Whatever you do... make your reward system SIMPLE or your children will be bickering about the system! Come up with a reasonable allowance payout, per week. Personally, I would just give each child a chore list, some items ALL children are expected to do (morning stuff like make bed, pick up dirty clothes, keep bathroom organized, and some evening stuff, etc...). Then, give each child a specific chore or two that is expected of them each day (i.e. one cleans off table, one sets table, one dumps garbage,...) This will ALWAYS be their chore - again, keep it simple. Let them agree to the job they will do - any switching off can be arranged between the children - but it's their responsibility to do that. Some "extra" jobs are just negotiated on the spot, but I don't believe in paying a child for every extra job - everyone is expected to do their part to maintain the home. Giving them money helps them learn how to save and work toward a goal. It's not a free handout. they can get docked too, if their jobs aren't done satisfactorily. I loved getting an allowance as a kid - we're passing on the tradition!

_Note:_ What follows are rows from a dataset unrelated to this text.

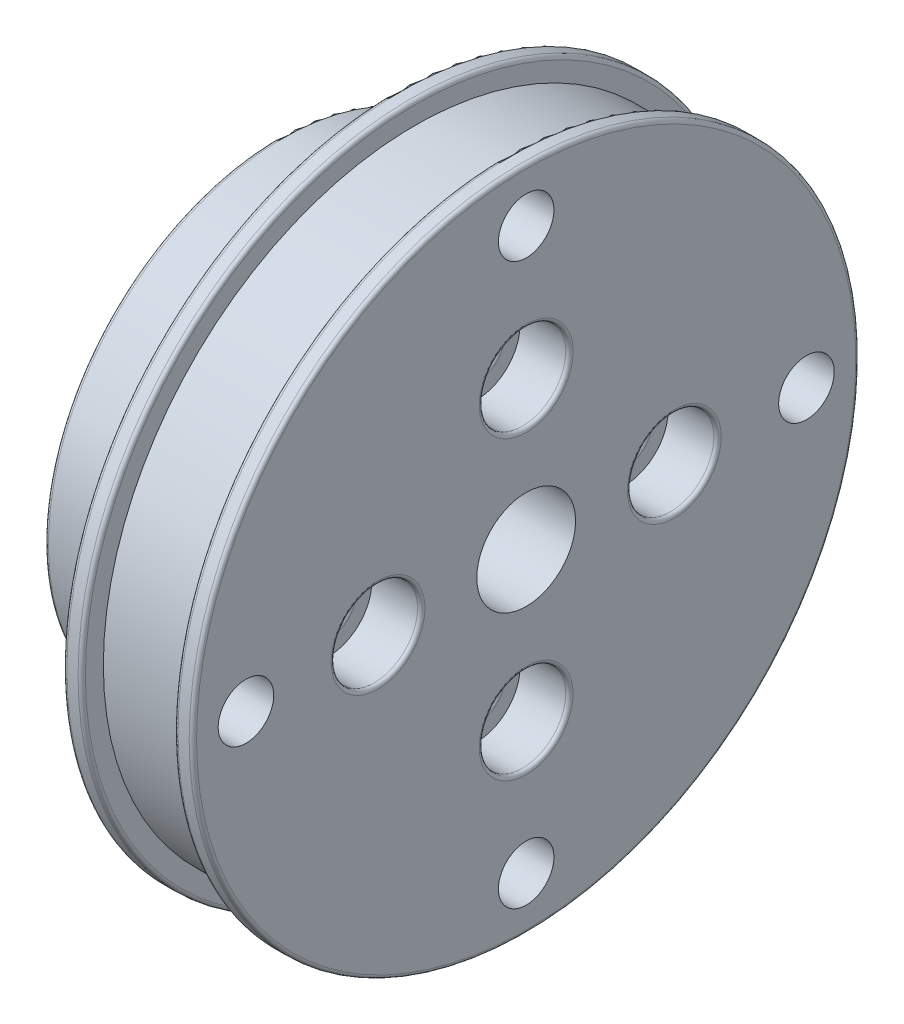
ISO-10303-21;
HEADER;
FILE_DESCRIPTION(('STEP AP214'),'2;1');
FILE_NAME('part.step','',(''),(''),'','','');
FILE_SCHEMA(('AUTOMOTIVE_DESIGN { 1 0 10303 214 1 1 1 1 }'));
ENDSEC;
DATA;
#1=APPLICATION_CONTEXT('core data for automotive mechanical design processes');
#2=APPLICATION_PROTOCOL_DEFINITION('international standard','automotive_design',2000,#1);
#3=PRODUCT_CONTEXT('',#1,'mechanical');
#4=PRODUCT('Part','Part','',(#3));
#5=PRODUCT_RELATED_PRODUCT_CATEGORY('part','',(#4));
#6=PRODUCT_DEFINITION_FORMATION('','',#4);
#7=PRODUCT_DEFINITION_CONTEXT('part definition',#1,'design');
#8=PRODUCT_DEFINITION('design','',#6,#7);
#9=PRODUCT_DEFINITION_SHAPE('','',#8);
#10=(LENGTH_UNIT() NAMED_UNIT(*) SI_UNIT(.MILLI.,.METRE.));
#11=(NAMED_UNIT(*) PLANE_ANGLE_UNIT() SI_UNIT($,.RADIAN.));
#12=(NAMED_UNIT(*) SI_UNIT($,.STERADIAN.) SOLID_ANGLE_UNIT());
#13=UNCERTAINTY_MEASURE_WITH_UNIT(LENGTH_MEASURE(1.E-05),#10,'distance_accuracy_value','');
#14=(GEOMETRIC_REPRESENTATION_CONTEXT(3) GLOBAL_UNCERTAINTY_ASSIGNED_CONTEXT((#13)) GLOBAL_UNIT_ASSIGNED_CONTEXT((#10,
#11,#12)) REPRESENTATION_CONTEXT('',''));
#15=CARTESIAN_POINT('',(0.,0.,0.));
#16=DIRECTION('',(0.,0.,1.));
#17=DIRECTION('',(1.,0.,0.));
#18=AXIS2_PLACEMENT_3D('',#15,#16,#17);
#19=CARTESIAN_POINT('',(-9.5,-12.,1.25693328198353E-13));
#20=DIRECTION('',(1.,0.,0.));
#21=DIRECTION('',(0.,0.,-1.));
#22=AXIS2_PLACEMENT_3D('',#19,#20,#21);
#23=CYLINDRICAL_SURFACE('',#22,2.);
#24=CARTESIAN_POINT('',(-9.2,-12.,1.25693328198353E-13));
#25=DIRECTION('',(1.,0.,0.));
#26=DIRECTION('',(0.,0.,-1.));
#27=AXIS2_PLACEMENT_3D('',#24,#25,#26);
#28=CIRCLE('',#27,2.);
#29=CARTESIAN_POINT('',(-9.2,-12.,-1.99999999999987));
#30=VERTEX_POINT('',#29);
#31=EDGE_CURVE('E97',#30,#30,#28,.F.);
#32=ORIENTED_EDGE('',*,*,#31,.T.);
#33=EDGE_LOOP('',(#32));
#34=FACE_BOUND('',#33,.T.);
#35=CARTESIAN_POINT('',(6.2,-12.,1.25693328198353E-13));
#36=DIRECTION('',(1.,0.,0.));
#37=DIRECTION('',(0.,0.,-1.));
#38=AXIS2_PLACEMENT_3D('',#35,#36,#37);
#39=CIRCLE('',#38,2.);
#40=CARTESIAN_POINT('',(6.2,-12.,-1.99999999999987));
#41=VERTEX_POINT('',#40);
#42=EDGE_CURVE('E100',#41,#41,#39,.T.);
#43=ORIENTED_EDGE('',*,*,#42,.T.);
#44=EDGE_LOOP('',(#43));
#45=FACE_BOUND('',#44,.T.);
#46=ADVANCED_FACE('F35',(#34,#45),#23,.F.);
#47=CARTESIAN_POINT('',(-9.5,0.,-12.));
#48=DIRECTION('',(1.,0.,0.));
#49=DIRECTION('',(0.,0.,-1.));
#50=AXIS2_PLACEMENT_3D('',#47,#48,#49);
#51=CYLINDRICAL_SURFACE('',#50,2.);
#52=CARTESIAN_POINT('',(-9.2,0.,-12.));
#53=DIRECTION('',(1.,0.,0.));
#54=DIRECTION('',(0.,0.,-1.));
#55=AXIS2_PLACEMENT_3D('',#52,#53,#54);
#56=CIRCLE('',#55,2.);
#57=CARTESIAN_POINT('',(-9.2,0.,-14.));
#58=VERTEX_POINT('',#57);
#59=EDGE_CURVE('E91',#58,#58,#56,.F.);
#60=ORIENTED_EDGE('',*,*,#59,.T.);
#61=EDGE_LOOP('',(#60));
#62=FACE_BOUND('',#61,.T.);
#63=CARTESIAN_POINT('',(6.2,0.,-12.));
#64=DIRECTION('',(1.,0.,0.));
#65=DIRECTION('',(0.,0.,-1.));
#66=AXIS2_PLACEMENT_3D('',#63,#64,#65);
#67=CIRCLE('',#66,2.);
#68=CARTESIAN_POINT('',(6.2,0.,-14.));
#69=VERTEX_POINT('',#68);
#70=EDGE_CURVE('E94',#69,#69,#67,.T.);
#71=ORIENTED_EDGE('',*,*,#70,.T.);
#72=EDGE_LOOP('',(#71));
#73=FACE_BOUND('',#72,.T.);
#74=ADVANCED_FACE('F248',(#62,#73),#51,.F.);
#75=CARTESIAN_POINT('',(-9.5,12.,0.));
#76=DIRECTION('',(1.,0.,0.));
#77=DIRECTION('',(0.,0.,-1.));
#78=AXIS2_PLACEMENT_3D('',#75,#76,#77);
#79=CYLINDRICAL_SURFACE('',#78,2.);
#80=CARTESIAN_POINT('',(-9.2,12.,0.));
#81=DIRECTION('',(1.,0.,0.));
#82=DIRECTION('',(0.,0.,-1.));
#83=AXIS2_PLACEMENT_3D('',#80,#81,#82);
#84=CIRCLE('',#83,2.);
#85=CARTESIAN_POINT('',(-9.2,12.,-2.00000000000004));
#86=VERTEX_POINT('',#85);
#87=EDGE_CURVE('E85',#86,#86,#84,.F.);
#88=ORIENTED_EDGE('',*,*,#87,.T.);
#89=EDGE_LOOP('',(#88));
#90=FACE_BOUND('',#89,.T.);
#91=CARTESIAN_POINT('',(6.2,12.,0.));
#92=DIRECTION('',(1.,0.,0.));
#93=DIRECTION('',(0.,0.,-1.));
#94=AXIS2_PLACEMENT_3D('',#91,#92,#93);
#95=CIRCLE('',#94,2.);
#96=CARTESIAN_POINT('',(6.2,12.,-2.00000000000004));
#97=VERTEX_POINT('',#96);
#98=EDGE_CURVE('E88',#97,#97,#95,.T.);
#99=ORIENTED_EDGE('',*,*,#98,.T.);
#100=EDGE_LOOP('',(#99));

I personally think that marble jars may work in school but... as a parent, it's not something that I would want to monitor all the time. Some of the "behavioral moments are just subjective and arguments will ensue... "(...."When Susie did that.... SHE didn't get a marble pulled--WHY DID I? That's not fair!!") ON a weekly basis, when all has gone well, just going out for ice cream, playing a board game or taking a trip to the park can be a good award and time spent with the family, together.
Also, we have a "no fire drill in the morning rule" in our home. That means that things are done on a timely basis. You do your morning routine and you it to the best of your ability, and do it peacefully (i.e. no yelling, no fuss, make your bed, pick up old clothes, brush teeth, comb hair, eat breakfast, feed the dog). Also, the night before (and I used to make my kids write their reminders on post-it notes) .. .lay out clothes for next day, take a shower, organize stuff for backpack. Of course, homework is a given.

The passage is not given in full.